# Greenlee 555 sb



## TRurak (Apr 10, 2016)

Greenler = Greenlee, auto correct on my phone!!


----------



## Dennis Alwon (May 9, 2009)

I corrected it...


----------



## TRurak (Apr 10, 2016)

Thank you


----------



## 3D Electric (Mar 24, 2013)

TRurak said:


> Hey all. I'm new here so bear with me. I am looking for a Greenlee 555 sb (speed bender). I found one locally on Craigslist for 1795$. It's used but has all shoes for 1/2 through 2" emt, imc and rigid. I went and looked at it and it is well used but it operates and I bent a few pieces of 1 1/4 and 2" emt with it. Is that a fair price?


Seems fair. Work well? They are anywhere from 2000-2400 new.


----------



## TRurak (Apr 10, 2016)

It bent 2" just fine. Are you sure that's what they were new? The 555 classic is 5k with all the shoes. I thought the 555 sb was around 6k with all shoes and digital pendant.


----------



## 3D Electric (Mar 24, 2013)

TRurak said:


> It bent 2" just fine. Are you sure that's what they were new? The 555 classic is 5k with all the shoes. I thought the 555 sb was around 6k with all shoes and digital pendant.

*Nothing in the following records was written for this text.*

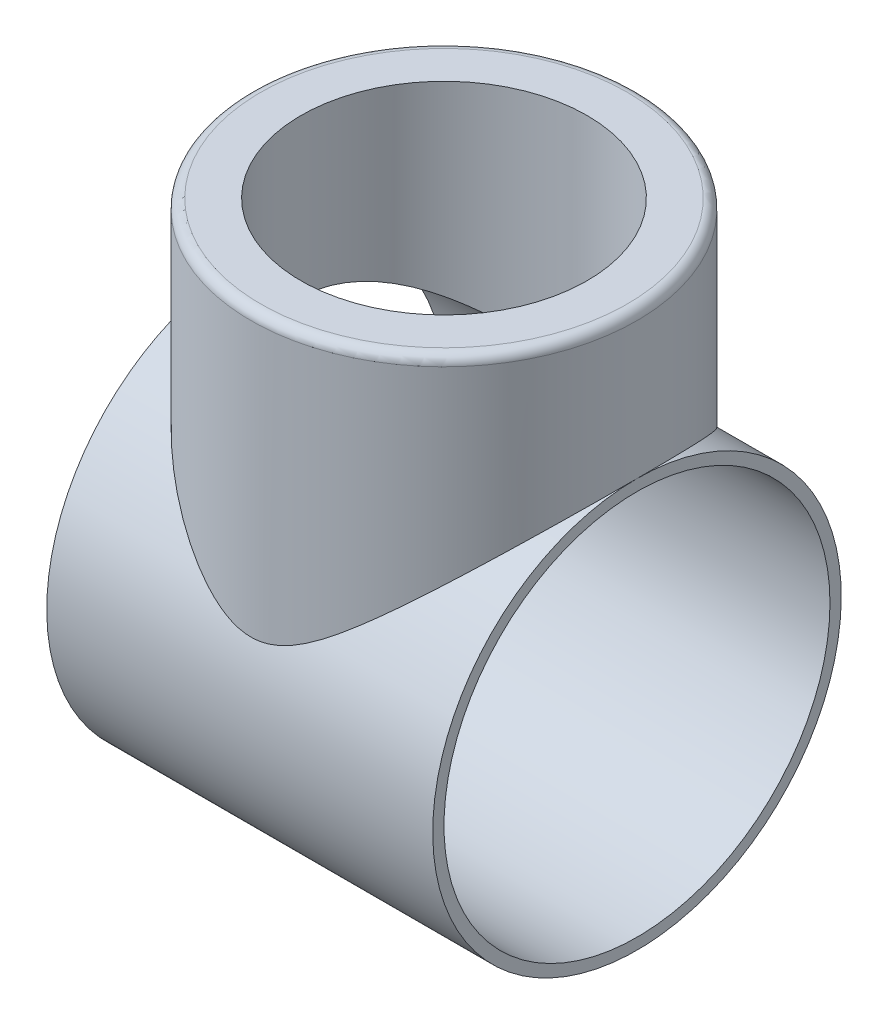
ISO-10303-21;
HEADER;
FILE_DESCRIPTION(('STEP AP214'),'2;1');
FILE_NAME('part.step','',(''),(''),'','','');
FILE_SCHEMA(('AUTOMOTIVE_DESIGN { 1 0 10303 214 1 1 1 1 }'));
ENDSEC;
DATA;
#1=APPLICATION_CONTEXT('core data for automotive mechanical design processes');
#2=APPLICATION_PROTOCOL_DEFINITION('international standard','automotive_design',2000,#1);
#3=PRODUCT_CONTEXT('',#1,'mechanical');
#4=PRODUCT('Part','Part','',(#3));
#5=PRODUCT_RELATED_PRODUCT_CATEGORY('part','',(#4));
#6=PRODUCT_DEFINITION_FORMATION('','',#4);
#7=PRODUCT_DEFINITION_CONTEXT('part definition',#1,'design');
#8=PRODUCT_DEFINITION('design','',#6,#7);
#9=PRODUCT_DEFINITION_SHAPE('','',#8);
#10=(LENGTH_UNIT() NAMED_UNIT(*) SI_UNIT(.MILLI.,.METRE.));
#11=(NAMED_UNIT(*) PLANE_ANGLE_UNIT() SI_UNIT($,.RADIAN.));
#12=(NAMED_UNIT(*) SI_UNIT($,.STERADIAN.) SOLID_ANGLE_UNIT());
#13=UNCERTAINTY_MEASURE_WITH_UNIT(LENGTH_MEASURE(1.E-05),#10,'distance_accuracy_value','');
#14=(GEOMETRIC_REPRESENTATION_CONTEXT(3) GLOBAL_UNCERTAINTY_ASSIGNED_CONTEXT((#13)) GLOBAL_UNIT_ASSIGNED_CONTEXT((#10,
#11,#12)) REPRESENTATION_CONTEXT('',''));
#15=CARTESIAN_POINT('',(0.,0.,0.));
#16=DIRECTION('',(0.,0.,1.));
#17=DIRECTION('',(1.,0.,0.));
#18=AXIS2_PLACEMENT_3D('',#15,#16,#17);
#19=CARTESIAN_POINT('',(-60.,0.,0.));
#20=DIRECTION('',(1.,0.,0.));
#21=DIRECTION('',(0.,0.,-1.));
#22=AXIS2_PLACEMENT_3D('',#19,#20,#21);
#23=CYLINDRICAL_SURFACE('',#22,60.);
#24=CARTESIAN_POINT('',(60.,0.,0.));
#25=DIRECTION('',(1.,0.,0.));
#26=DIRECTION('',(0.,0.,-1.));
#27=AXIS2_PLACEMENT_3D('',#24,#25,#26);
#28=CIRCLE('',#27,60.);
#29=CARTESIAN_POINT('',(60.,0.,-60.));
#30=VERTEX_POINT('',#29);
#31=EDGE_CURVE('E58',#30,#30,#28,.T.);
#32=ORIENTED_EDGE('',*,*,#31,.T.);
#33=EDGE_LOOP('',(#32));
#34=FACE_BOUND('',#33,.T.);
#35=CARTESIAN_POINT('',(-60.,0.,0.));
#36=DIRECTION('',(1.,0.,0.));
#37=DIRECTION('',(0.,0.,-1.));
#38=AXIS2_PLACEMENT_3D('',#35,#36,#37);
#39=CIRCLE('',#38,60.);
#40=CARTESIAN_POINT('',(-60.,0.,-60.));
#41=VERTEX_POINT('',#40);
#42=EDGE_CURVE('E101',#41,#41,#39,.T.);
#43=ORIENTED_EDGE('',*,*,#42,.F.);
#44=EDGE_LOOP('',(#43));
#45=FACE_BOUND('',#44,.T.);
#46=CARTESIAN_POINT('',(0.,40.2461178252015,-44.5));
#47=CARTESIAN_POINT('',(0.521950340710105,40.2461091874401,-44.5000042882494));
#48=CARTESIAN_POINT('',(1.04383948497891,40.2562813467974,-44.4908134860222));
#49=CARTESIAN_POINT('',(2.08624468800879,40.29679076695,-44.4541277588759));
#50=CARTESIAN_POINT('',(2.60676066855394,40.3271291525426,-44.4266318129637));
#51=CARTESIAN_POINT('',(3.64504853630487,40.4075295655595,-44.353517329002));
#52=CARTESIAN_POINT('',(4.16282007227801,40.4575940585679,-44.3078965255041));
#53=CARTESIAN_POINT('',(5.19431452475009,40.5766947814115,-44.1988491619566));
#54=CARTESIAN_POINT('',(5.70803686242041,40.6457336747779,-44.1354201020462));
#55=CARTESIAN_POINT('',(7.24359513295137,40.8802693471307,-43.9186705620038));
#56=CARTESIAN_POINT('',(8.25776608674282,41.0730198952663,-43.7390345051422));
#57=CARTESIAN_POINT('',(10.257564643931,41.5212745320888,-43.3137226483211));
#58=CARTESIAN_POINT('',(11.2431912015059,41.7767809168073,-43.068044432063));
#59=CARTESIAN_POINT('',(13.1683910438996,42.3357936145265,-42.5186066248349));
#60=CARTESIAN_POINT('',(14.1084079437203,42.6386010337178,-42.2156810096681));
#61=CARTESIAN_POINT('',(15.9539269275721,43.2842945061565,-41.5533826240879));
#62=CARTESIAN_POINT('',(16.8594298899541,43.627179538558,-41.1940112913641));
#63=CARTESIAN_POINT('',(18.6345171116782,44.3433852758225,-40.4220393745185));
#64=CARTESIAN_POINT('',(19.5041118289542,44.7166970236494,-40.009454434771));
#65=CARTESIAN_POINT('',(21.2071478906121,45.4853354810806,-39.1334121551078));
#66=CARTESIAN_POINT('',(22.0405865870086,45.8806637983028,-38.6699510978862));
#67=CARTESIAN_POINT('',(23.8366942513597,46.767617311318,-37.5948011891203));
#68=CARTESIAN_POINT('',(24.7912022086411,47.2624844601025,-36.9721303467494));
#69=CARTESIAN_POINT('',(26.6465675245206,48.261565680328,-35.6581377576236));
#70=CARTESIAN_POINT('',(27.5474205383753,48.7657805043797,-34.9668104634265));
#71=CARTESIAN_POINT('',(29.2952372557201,49.7739969690618,-33.5161235927462));
#72=CARTESIAN_POINT('',(30.1421256550589,50.2779973773472,-32.756672361943));
#73=CARTESIAN_POINT('',(31.778415864999,51.275700055055,-31.1717762181585));
#74=CARTESIAN_POINT('',(32.5678130326399,51.7694014904457,-30.346325986402));
#75=CARTESIAN_POINT('',(34.2360957924212,52.8334127397948,-28.4608944512654));
#76=CARTESIAN_POINT('',(35.1017938682631,53.3995579491807,-27.3868198685674));
#77=CARTESIAN_POINT('',(36.7388816469887,54.4896567975256,-25.1480955787368));
#78=CARTESIAN_POINT('',(37.5102508272926,55.0136012466809,-23.9834262512978));
#79=CARTESIAN_POINT('',(38.5884296851264,55.7561611927072,-22.1737546625714));
#80=CARTESIAN_POINT('',(38.9344445874246,55.996289592825,-21.5605741567996));
#81=CARTESIAN_POINT('',(39.5992657729467,56.4605628572466,-20.3137179214327));
#82=CARTESIAN_POINT('',(39.9180737273749,56.6847087031497,-19.6800434539945));
#83=CARTESIAN_POINT('',(40.5269396885394,57.1151163559301,-18.3935670488333));
#84=CARTESIAN_POINT('',(40.8170136671901,57.3213880901394,-17.7407760015974));
#85=CARTESIAN_POINT('',(41.367283893526,57.7145139820236,-16.4168180955821));
#86=CARTESIAN_POINT('',(41.6274729718284,57.9013634792897,-15.7456468750289));
#87=CARTESIAN_POINT('',(42.2160536104265,58.3257078564334,-14.1098261539199));
#88=CARTESIAN_POINT('',(42.5291096534308,58.5528683078576,-13.1368990351965));
#89=CARTESIAN_POINT('',(43.0893465453492,58.9610459401474,-11.1628943464204));
#90=CARTESIAN_POINT('',(43.336542803193,59.1420739139977,-10.1618234217544));
#91=CARTESIAN_POINT('',(43.6554372000947,59.3762755689208,-8.6440871772517));
#92=CARTESIAN_POINT('',(43.7530730054295,59.4481102596546,-8.13557560487839));
#93=CARTESIAN_POINT('',(43.9307501982228,59.5789994743003,-7.11392105689515));
#94=CARTESIAN_POINT('',(44.0107948440874,59.6380563650094,-6.60077895735988));
#95=CARTESIAN_POINT('',(44.1530120978249,59.7430847523843,-5.57062792558039));
#96=CARTESIAN_POINT('',(44.2151826797549,59.7890547657069,-5.05361856180834));
#97=CARTESIAN_POINT('',(44.3214117367221,59.8676564997752,-4.01674246446689));
#98=CARTESIAN_POINT('',(44.3654693389796,59.9002875777797,-3.49687559443048));
#99=CARTESIAN_POINT('',(44.4703501236668,59.9779923563319,-1.9318670440071));
#100=CARTESIAN_POINT('',(44.5035602840376,60.0026399674937,-0.88363602968756));
#101=CARTESIAN_POINT('',(44.4958330595716,59.9969100963708,1.21224592845824));
#102=CARTESIAN_POINT('',(44.4548959647422,59.9665328293014,2.25989687453725));
#103=CARTESIAN_POINT('',(44.2995376296408,59.8514519760434,4.34695695359885));
#104=CARTESIAN_POINT('',(44.1851013218437,59.7667372505429,5.38636435239261));
#105=CARTESIAN_POINT('',(43.8844904701222,59.5448422310987,7.44901649884121));
#106=CARTESIAN_POINT('',(43.6983163060761,59.4076622149783,8.47226133205295));
#107=CARTESIAN_POINT('',(43.2641008547636,59.0890127256266,10.4628678346911));
#108=CARTESIAN_POINT('',(43.01826041709,58.9091228962178,11.4309658277476));
#109=CARTESIAN_POINT('',(42.4650233393857,58.5063437246237,13.3401503805873));
#110=CARTESIAN_POINT('',(42.1576284675576,58.2834556176068,14.2812377153866));
#111=CARTESIAN_POINT('',(41.4846675568433,57.7985571326788,16.1320211676757));
#112=CARTESIAN_POINT('',(41.1190966396067,57.5365434740096,17.0417146448432));
#113=CARTESIAN_POINT('',(40.3333455968536,56.9776492982644,18.8260933971558));
#114=CARTESIAN_POINT('',(39.9131622370173,56.6807667162419,19.7007765948666));
#115=CARTESIAN_POINT('',(38.973005458837,56.022499557773,21.5058204330082));
#116=CARTESIAN_POINT('',(38.447145875456,55.6576115664077,22.4318370619908));
#117=CARTESIAN_POINT('',(37.3370135215526,54.8966231580356,24.2346518194598));
#118=CARTESIAN_POINT('',(36.7527371551884,54.5005208199496,25.1114469129235));
#119=CARTESIAN_POINT('',(35.5293085248845,53.6830922067384,26.8145183935474));
#120=CARTESIAN_POINT('',(34.8901161360653,53.2617475573133,27.6407570734165));
#121=CARTESIAN_POINT('',(33.5606121215878,52.4004604406604,29.2406792745826));
#122=CARTESIAN_POINT('',(32.870298061972,51.9605170883568,30.0143602901862));
#123=CARTESIAN_POINT('',(31.3024484369485,50.9818427894829,31.6532889949493));
#124=CARTESIAN_POINT('',(30.4145893453604,50.4405197225372,32.5071389666396));
#125=CARTESIAN_POINT('',(28.5731712452284,49.3520446269879,34.1370213226318));
#126=CARTESIAN_POINT('',(27.6195994067465,48.8048914778322,34.9130384375959));
#127=CARTESIAN_POINT('',(25.6486318538073,47.7171498458324,36.3855978659591));
#128=CARTESIAN_POINT('',(24.6312091197479,47.1765642592419,37.0821061775823));
#129=CARTESIAN_POINT('',(22.5342509045028,46.116418432799,38.3925212205582));
#130=CARTESIAN_POINT('',(21.4547302842137,45.5968532127562,39.006447598487));
#131=CARTESIAN_POINT('',(19.4624345702153,44.6980671169939,40.0305783513116));
#132=CARTESIAN_POINT('',(18.5609538061182,44.3119394783666,40.456726223778));
#133=CARTESIAN_POINT('',(16.7197604126817,43.572807752645,41.2517262412505));
#134=CARTESIAN_POINT('',(15.7800487337206,43.2198028428767,41.6205798094328));
#135=CARTESIAN_POINT('',(13.8656151236316,42.5581977274057,42.296847572139));
#136=CARTESIAN_POINT('',(12.8909619150813,42.249515755869,42.6043753175112));
#137=CARTESIAN_POINT('',(10.9079654832495,41.6872994375876,43.1546536827896));
#138=CARTESIAN_POINT('',(9.89963037601222,41.4337519145739,43.3974197828659));
#139=CARTESIAN_POINT('',(8.04368455823555,41.0339903275956,43.7752515698321));
#140=CARTESIAN_POINT('',(7.20084207288908,40.8765977494339,43.9219324868934));
#141=CARTESIAN_POINT('',(5.50041819802821,40.6115732475786,44.1671019477012));
#142=CARTESIAN_POINT('',(4.64283865424277,40.5039351388694,44.2655964816223));
#143=CARTESIAN_POINT('',(2.91911830773351,40.3427295547646,44.4125677286822));
#144=CARTESIAN_POINT('',(2.05298633650212,40.2891112096413,44.4610914996129));
#145=CARTESIAN_POINT('',(0.317674362643003,40.2380272726962,44.5073296836804));
#146=CARTESIAN_POINT('',(-0.55150568599144,40.2405625321182,44.505043326576));
#147=CARTESIAN_POINT('',(-2.28596227436666,40.3016700196146,44.4497135761221));
#148=CARTESIAN_POINT('',(-3.15123997960492,40.3602242255133,44.3966865068562));
#149=CARTESIAN_POINT('',(-4.87190451576451,40.5308806498048,44.240941803076));
#150=CARTESIAN_POINT('',(-5.72729134396141,40.642982882947,44.1382241548749));
#151=CARTESIAN_POINT('',(-7.4240653876941,40.9165547676885,43.8847377234221));
#152=CARTESIAN_POINT('',(-8.26543150123807,41.0780927929654,43.7339023771944));
#153=CARTESIAN_POINT('',(-9.92893795590823,41.4448438963211,43.3865023518875));
#154=CARTESIAN_POINT('',(-10.7510755777273,41.6500631108678,43.1899312473468));
#155=CARTESIAN_POINT('',(-12.6870807095658,42.1846332622747,42.6690124944642));
#156=CARTESIAN_POINT('',(-13.7908179644599,42.5312978618984,42.3246484503561));
#157=CARTESIAN_POINT('',(-15.9516144607349,43.2801948728189,41.5585305214342));
#158=CARTESIAN_POINT('',(-17.0086544471686,43.6824499289662,41.1367450758049));
#159=CARTESIAN_POINT('',(-19.0755684632273,44.527930076714,40.2200546403792));
#160=CARTESIAN_POINT('',(-20.0853647652594,44.9712193419744,39.7250343695755));
#161=CARTESIAN_POINT('',(-22.0550882608731,45.884808424398,38.6661782679115));
#162=CARTESIAN_POINT('',(-23.0150204412288,46.355105530638,38.1023493373789));
#163=CARTESIAN_POINT('',(-24.9161621372768,47.3273236161702,36.8883376618597));
#164=CARTESIAN_POINT('',(-25.8556469650214,47.8297762042605,36.2358830733489));
#165=CARTESIAN_POINT('',(-27.679910014823,48.8400529111134,34.8622472738526));
#166=CARTESIAN_POINT('',(-28.5646860737176,49.3478772413438,34.1410633481983));
#167=CARTESIAN_POINT('',(-30.2772938766035,50.358584957203,32.6318457992776));
#168=CARTESIAN_POINT('',(-31.1051561867018,50.8614708686789,31.8438485747471));
#169=CARTESIAN_POINT('',(-32.7017712726705,51.853299207555,30.2019087999941));
#170=CARTESIAN_POINT('',(-33.470525540107,52.3422419866083,29.3479679149222));
#171=CARTESIAN_POINT('',(-34.9471366600719,53.2985479551122,27.5732364539518));
#172=CARTESIAN_POINT('',(-35.6548356260329,53.7658538285782,26.6522832808933));
#173=CARTESIAN_POINT('',(-37.0025002306692,54.6688659515999,24.7472453764052));
#174=CARTESIAN_POINT('',(-37.6424632932466,55.1045709991306,23.7631582461808));
#175=CARTESIAN_POINT('',(-38.8486279933934,55.9354535238626,21.7353357344004));
#176=CARTESIAN_POINT('',(-39.4148771427242,56.3306570707044,20.6916394040002));
#177=CARTESIAN_POINT('',(-40.4677394262983,57.0723077490861,18.5482327967657));
#178=CARTESIAN_POINT('',(-40.954366559355,57.4187634497671,17.4485324110101));
#179=CARTESIAN_POINT('',(-41.7734480273411,58.0060562896384,15.3713226943041));
#180=CARTESIAN_POINT('',(-42.1180999819418,58.2549428335656,14.4008872247955));
#181=CARTESIAN_POINT('',(-42.7416054367343,58.7073143426455,12.4287679411175));
#182=CARTESIAN_POINT('',(-43.0204651989122,58.9108036285294,11.4270871111101));
#183=CARTESIAN_POINT('',(-43.5086322607101,59.2682330369469,9.39874524150024));
#184=CARTESIAN_POINT('',(-43.7179750064187,59.4221984100089,8.37209721993441));
#185=CARTESIAN_POINT('',(-44.0642873146111,59.6774471738407,6.30013580032234));
#186=CARTESIAN_POINT('',(-44.2012560659236,59.7787299741415,5.25482219320709));
#187=CARTESIAN_POINT('',(-44.4009995850255,59.9265736105224,3.14995644098688));
#188=CARTESIAN_POINT('',(-44.4635423875705,59.9729633575138,2.09037013500847));
#189=CARTESIAN_POINT('',(-44.5126410521356,60.0093737571475,-0.0315402479794816));
#190=CARTESIAN_POINT('',(-44.49919675987,59.9993942953369,-1.09386433054349));
#191=CARTESIAN_POINT('',(-44.3965384869147,59.9232964064283,-3.21290418427762));
#192=CARTESIAN_POINT('',(-44.3073172142214,59.8571725765695,-4.26961940586038));
#193=CARTESIAN_POINT('',(-44.0545293478902,59.6702967677894,-6.36918090875246));
#194=CARTESIAN_POINT('',(-43.8909640703089,59.5495457558927,-7.41202743523263));
#195=CARTESIAN_POINT('',(-43.5013980468378,59.2630163329123,-9.42773117519935));
#196=CARTESIAN_POINT('',(-43.2786998341044,59.0996258396571,-10.4015717985618));
#197=CARTESIAN_POINT('',(-42.7709367825483,58.7288085972727,-12.3241853536313));
#198=CARTESIAN_POINT('',(-42.4858743947813,58.5213835788113,-13.2729592688756));
#199=CARTESIAN_POINT('',(-41.8566393162162,58.0661784465417,-15.1407765123869));
#200=CARTESIAN_POINT('',(-41.5124612489804,57.818394662301,-16.0598171274347));
#201=CARTESIAN_POINT('',(-40.7685039846635,57.2865888952406,-17.864256334358));
#202=CARTESIAN_POINT('',(-40.3687215084379,57.0025647753105,-18.7496529382301));
#203=CARTESIAN_POINT('',(-39.4756743282588,56.373476215924,-20.5680435948418));
#204=CARTESIAN_POINT('',(-38.9771009809435,56.0251623487047,-21.4973049359076));
#205=CARTESIAN_POINT('',(-37.9216627541991,55.2960838893367,-23.3087229625223));
#206=CARTESIAN_POINT('',(-37.3647947388914,54.9153175516585,-24.1908771101481));
#207=CARTESIAN_POINT('',(-36.196421767278,54.1271171877636,-25.9065023282224));
#208=CARTESIAN_POINT('',(-35.5848840858751,53.7196672283635,-26.7399437390662));
#209=CARTESIAN_POINT('',(-34.3109233963292,52.8843847752664,-28.3561187012408));
#210=CARTESIAN_POINT('',(-33.6484978667809,52.4565512719992,-29.1388497364131));
#211=CARTESIAN_POINT('',(-32.1442957713006,51.5034469314094,-30.797337438415));
#212=CARTESIAN_POINT('',(-31.2924453848203,50.9751879296599,-31.6622617350211));
#213=CARTESIAN_POINT('',(-29.5241829089023,49.9092126334412,-33.3172559849402));
#214=CARTESIAN_POINT('',(-28.6077594512591,49.3714946862736,-34.1073126999826));
#215=CARTESIAN_POINT('',(-26.7122623392538,48.297870061859,-35.6113733885586));
#216=CARTESIAN_POINT('',(-25.7331462834457,47.7619648741604,-36.3253250006942));
#217=CARTESIAN_POINT('',(-23.7143783853228,46.7052659315094,-37.6742851619448));
#218=CARTESIAN_POINT('',(-22.6747375816564,46.184469446795,-38.3093080404504));
#219=CARTESIAN_POINT('',(-20.7074274646056,45.2539753190545,-39.4018648234355));
#220=CARTESIAN_POINT('',(-19.7885739385137,44.8398636275907,-39.8715266699809));
#221=CARTESIAN_POINT('',(-17.9091303612557,44.0427382109742,-40.7503257680393));
#222=CARTESIAN_POINT('',(-16.9485395648822,43.6597250414274,-41.1594619383084));
#223=CARTESIAN_POINT('',(-14.9886766513092,42.9369595143049,-41.9128813803387));
#224=CARTESIAN_POINT('',(-13.9894816994186,42.5971261433523,-42.2572866992272));
#225=CARTESIAN_POINT('',(-11.9533246844578,41.972544556354,-42.877728409414));
#226=CARTESIAN_POINT('',(-10.9163746735275,41.6877789416741,-43.1537864027726));
#227=CARTESIAN_POINT('',(-9.06795056486468,41.2478015067845,-43.5739296071159));
#228=CARTESIAN_POINT('',(-8.26352200117434,41.0779436302794,-43.7337772467831));
#229=CARTESIAN_POINT('',(-6.63919931287222,40.7822487862483,-44.0096492737428));
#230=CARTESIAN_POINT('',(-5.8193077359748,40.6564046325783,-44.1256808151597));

Sorry you are absolutely correct. I didn't read far enough. That was the price for the classic without any shoes. I just saw a 555sb for 5800. Buy the one on Craigslist before I do and relist it for an extra grand! Lol


----------



## sbrn33 (Mar 15, 2007)

That seems like a decent price to me. 
Sometimes I check the ebay completed listings. That gives me a pretty accurate rundown.
Actually i use the sold listings.


----------



## TRurak (Apr 10, 2016)

3D Electric said:


> Sorry you are absolutely correct. I didn't read far enough. That was the price for the classic without any shoes. I just saw a 555sb for 5800. Buy the one on Craigslist before I do and relist it for an extra grand! Lol


Hahaha you had me scared for a minute. We bend everything by hand up to 1 1/4 right now but it completely sucks over 1".


----------



## TRurak (Apr 10, 2016)

So I picked it up today. Its used but in not bad shape. Anyone have any experience with one of these? Its a 555 SBC


----------



## macmikeman (Jan 23, 2007)

TRurak said:


> So I picked it up today. Its used but in not bad shape. Anyone have any experience with one of these? Its a 555 SBC


I have one. The parts inside are ''obsolete'' so maybe keep your eye on looking for spares before your's die's on you. If it ever comes to a time when you find it is broken and no circuit boards are available anywhere, contact me for how to convert it to a non smart bender.


----------



## TRurak (Apr 10, 2016)

Ok. I noticed something today. When I got it to my shop the pendant won't display degrees while bending. It still works though. I found a manual online and it says the proximity sensor may need to be adjusted. Ever had to do that?


----------



## macmikeman (Jan 23, 2007)

TRurak said:


> Ok. I noticed something today. When I got it to my shop the pendant won't display degrees while bending. It still works though. I found a manual online and it says the proximity sensor may need to be adjusted. Ever had to do that?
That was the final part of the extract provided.